Most recycling functions, like NREVERSE
, have nondestructive counterparts that compute the same result. In general, the recycling functions have names that are the same as their non-destructive counterparts except with a leading N. However, not all do, including several of the more commonly used recycling functions such as NCONC
, the recycling version of APPEND
, and DELETE
, DELETE-IF
, DELETE-IF-NOT
, and DELETE-DUPLICATES
, the recycling versions of the REMOVE
family of sequence functions.
In general, you use recycling functions in the same way you use their nondestructive counterparts except it's safe to use them only when you know the arguments aren't going to be used after the function returns. The side effects of most recycling functions aren't specified tightly enough to be relied upon.
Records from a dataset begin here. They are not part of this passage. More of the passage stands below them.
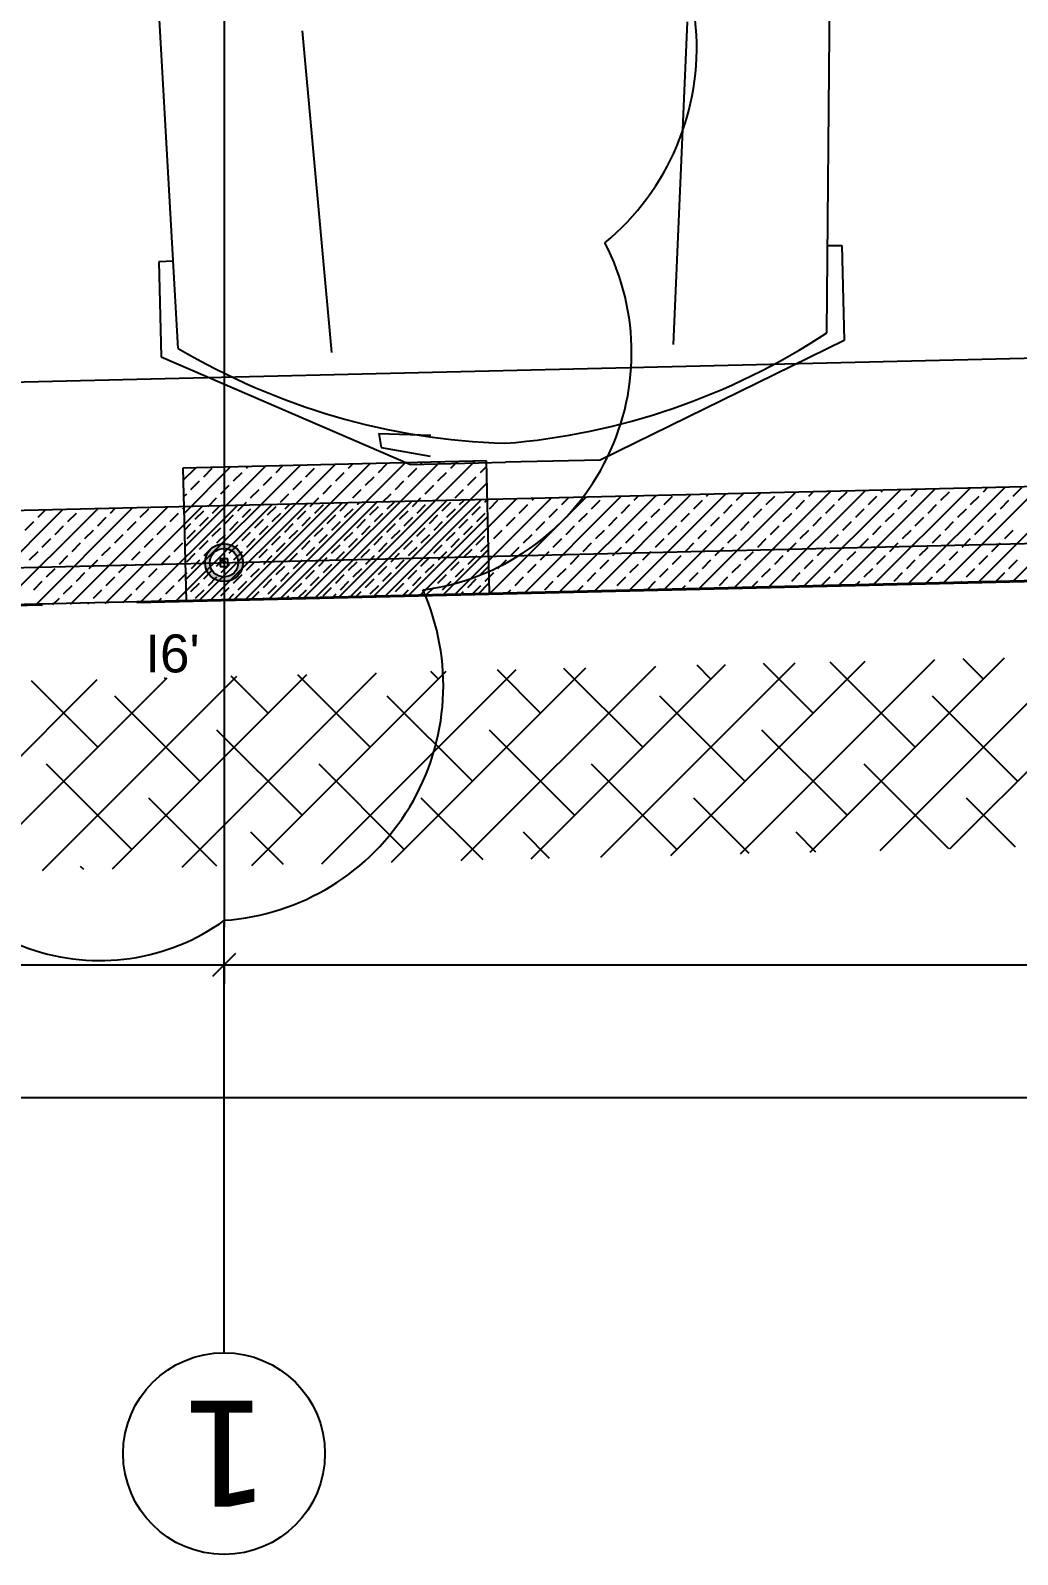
# Model space of a CAD drawing. Header units: millimetres. Extents: x 43168.9 to 43194.6, y -25545.1 to -25543.4.
# Drawn here: x 43170.9007 to 43170.9527, y -25544.823 to -25544.7426 of the extents above; entities that cross this region are included whole.
import ezdxf
from ezdxf.enums import TextEntityAlignment as Align

# ---------------------------------------------------------------- set-up
doc = ezdxf.new("R2010")
doc.units = ezdxf.units.MM
doc.header["$LTSCALE"] = 200
doc.linetypes.add('DASHDOT', pattern=[1, 0.5, -0.25, 0, -0.25])
doc.linetypes.add('DASHDOT2', pattern=[0.5, 0.25, -0.125, 0, -0.125])
for name, color, linetype in [('aks_sgh', 5, 'DASHDOT2'), ('kolon-b.a_sgh', 6, 'Continuous'), ('olcuaks_sgh', 41, 'Continuous'), ('olcuic_sgh', 183, 'Continuous'), ('tarama-betonarme_sgh', 223, 'Continuous'), ('tarama-zemin_sgh', 197, 'Continuous'), ('yapi-yaklasma_sgh', 41, 'DASHDOT')]:
    doc.layers.add(name, color=color, linetype=linetype)
doc.styles.add('1-200', font='arial.ttf', dxfattribs={"height": 60})
doc.styles.add('text1', font='VERDANA.TTF')

msp = doc.modelspace()

# ---------------------------------------------------------------- hatches: boundary and pattern name
h = msp.add_hatch(color=256)
edge = h.paths.add_edge_path()
edge.add_arc((43170.9108790417, -25544.7707067563), 0.001, 0, 360)
edge = h.paths.add_edge_path(flags=16)
edge.add_arc((43170.9108790417, -25544.7707067563), 0.00075, 0, 360)

# ---------------------------------------------------------------- linework, layer by layer
at = {"color": 0}
for p, q in [((43170.94265008819, -25544.75859155709), (43170.94290574881, -25544.73139453348)), ((43170.90846526518, -25544.75940560019), (43170.90691534311, -25544.73225157292)), ((43170.93456521096, -25544.7592014377), (43170.93531645012, -25544.74217844166)), ((43170.91657000811, -25544.75962995743), (43170.91500934281, -25544.74266201476)), ((43170.94269342459, -25544.75398145681), (43170.94345432023, -25544.75398825937)), ((43170.94344377913, -25544.75398851038), (43170.94345432023, -25544.75398825937)), ((43170.94345432023, -25544.75398825937), (43170.94357335348, -25544.75898692682)), ((43170.94345432023, -25544.75398825937), (43170.94357335348, -25544.75898692682)), ((43170.90820254172, -25544.75480278812), (43170.90744283233, -25544.75484580084)), ((43170.90745337343, -25544.75484554983), (43170.90744283233, -25544.75484580084)), ((43170.90744283233, -25544.75484580084), (43170.90756186558, -25544.7598444683)), ((43170.90744283233, -25544.75484580084), (43170.90756186558, -25544.7598444683)), ((43170.94357335348, -25544.75898692682), (43170.9307091169, -25544.76529506526)), ((43170.94357335348, -25544.75898692682), (43170.9307091169, -25544.76529506526)), ((43170.90756186558, -25544.7598444683), (43170.92071178199, -25544.76553313177)), ((43170.90756186558, -25544.7598444683), (43170.92071178199, -25544.76553313177)), ((43170.91903563922, -25544.76389357241), (43170.92178340286, -25544.76398279351)), ((43170.91903563922, -25544.76389357241), (43170.9191610975, -25544.76464152028)), ((43170.9191610975, -25544.76464152028), (43170.92173736145, -25544.76508950182)), ((43170.92071178199, -25544.76553313177), (43170.92571044945, -25544.76541409851)), ((43170.92071178199, -25544.76553313177), (43170.92571044945, -25544.76541409851)), ((43170.9307091169, -25544.76529506526), (43170.92571044945, -25544.76541409851)), ((43170.9307091169, -25544.76529506526), (43170.92571044945, -25544.76541409851))]:
    msp.add_line(p, q, dxfattribs=at)
at = {"color": 0, "linetype": 'ByBlock', "lineweight": -2}
for p, q in [((43170.9110790417, -25544.7705067563), (43170.91067904171, -25544.7705067563)), ((43170.91067904171, -25544.7705067563), (43170.91067904171, -25544.7709067563)), ((43170.91067904171, -25544.7709067563), (43170.9110790417, -25544.7709067563)), ((43170.91094975238, -25544.77063604562), (43170.91080833103, -25544.77077746698)), ((43170.91094975238, -25544.77077746698), (43170.91080833103, -25544.77063604562)), ((43170.9110790417, -25544.7709067563), (43170.9110790417, -25544.7705067563)), ((43170.9102790417, -25544.79251939969), (43170.91147904171, -25544.79131939969)), ((43170.91147904171, -25544.79131939969), (43170.9102790417, -25544.79251939969))]:
    msp.add_line(p, q, dxfattribs=at)
msp.add_line((43170.9108790417, -25544.81238225241), (43170.9108790417, -25544.78970225241))
at = {"color": 0, "linetype": 'Continuous', "lineweight": -2}
for radius in [0.001, 0.00075]:
    msp.add_circle((43170.9108790417, -25544.7707067563), radius, dxfattribs=at)
at = {"linetype": 'Continuous'}
msp.add_circle((43170.9108790417, -25544.81770225241), 0.005319999999999482, dxfattribs=at)
for centre, radius, start, end in [((43170.9224558206, -25544.74354976807), 0.01334359480357849, 309.5757539252086, 59.57575320830461), ((43170.90130860874, -25544.74717120157), 0.01237907588872504, 60.45438082458049, 170.4543804158682), ((43170.91975247667, -25544.75962888403), 0.01261399486916903, 277.3444679174883, 27.3444692210568), ((43170.91002965781, -25544.77719237146), 0.0124105662812436, 274.0260369413425, 24.02603716352335), ((43170.90431713637, -25544.78041574413), 0.01127785448689082, 195.7173427148181, 305.7173430709144)]:
    msp.add_arc(centre, radius, start, end)
at = {"color": 0}
for centre, start, end in [((43170.92283013636, -25544.72847157263), 274.5439569055944, 303.3462461694842), ((43170.92682907033, -25544.72837634602), 239.3820053227603, 268.1842973649074)]:
    msp.add_arc(centre, 0.03605612228057108, start, end, dxfattribs=at)
at = {"layer": 'aks_sgh'}
for p, q in [((43170.9108790417, -25543.74091939969), (43170.9108790417, -25544.78991939969)), ((43170.24599999916, -25544.78649254973), (43171.11700293706, -25544.76581288985))]:
    msp.add_line(p, q, dxfattribs=at)
at = {"layer": 'kolon-b.a_sgh'}
for p, q in [((43170.92470841287, -25544.76533519048), (43170.90871294531, -25544.76571600419)), ((43170.92487450926, -25544.77233321964), (43170.92470841287, -25544.76533519048)), ((43170.9798185832, -25544.76606912389), (43170.90627904919, -25544.76781512552)), ((43170.90871294531, -25544.76571600419), (43170.90887904171, -25544.77271403334)), ((43170.90627904919, -25544.76781512552), (43170.82679604, -25544.76970223924)), ((43170.90627904919, -25544.77281653457), (43170.98809299876, -25544.77087407883)), ((43170.90887904171, -25544.77271403334), (43170.92487450926, -25544.77233321964)), ((43170.82691468028, -25544.77470083149), (43170.90131027603, -25544.77293450494))]:
    msp.add_line(p, q, dxfattribs=at)
at = {"layer": 'olcuaks_sgh'}
for p, q in [((43170.82262904171, -25544.79191939969), (43170.91112904171, -25544.79191939969)), ((43170.9106290417, -25544.79191939969), (43171.00612904171, -25544.79191939969)), ((43170.9108790417, -25544.79191939969), (43170.9108790417, -25544.79291939969)), ((43170.9108790417, -25544.79191939969), (43170.9108790417, -25544.79291939969)), ((43170.21374999916, -25544.79891939969), (43171.1661290417, -25544.79891939969))]:
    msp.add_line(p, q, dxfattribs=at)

However, the waters are further muddied by a handful of recycling functions with specified side effects that can be relied upon. They are NCONC
, the recycling version of APPEND
, and NSUBSTITUTE
and its -IF
and -IF-NOT
variants, the recycling versions of the sequence functions SUBSTITUTE
and friends.
Like APPEND
, NCONC
returns a concatenation of its list arguments, but it builds its result in the following way: for each nonempty list it's passed, NCONC
sets the CDR
of the list's last cons cell to point to the first cons cell of the next nonempty list. It then returns the first list, which is now the head of the spliced-together result. Thus:
(defparameter *x* (list 1 2 3))
(nconc *x* (list 4 5 6)) ==> (1 2 3 4 5 6)
*x* ==> (1 2 3 4 5 6)
NSUBSTITUTE
and variants can be relied on to walk down the list structure of the list argument and to SETF
the CAR
s of any cons cells holding the old value to the new value and to otherwise leave the list intact. It then returns the original list, which now has the same value as would've been computed by SUBSTITUTE
.[136]
The key thing to remember about NCONC
and NSUBSTITUTE
is that they're the exceptions to the rule that you can't rely on the side effects of recycling functions. It's perfectly acceptable—and arguably good style—to ignore the reliability of their side effects and use them, like any other recycling function, only for the value they return.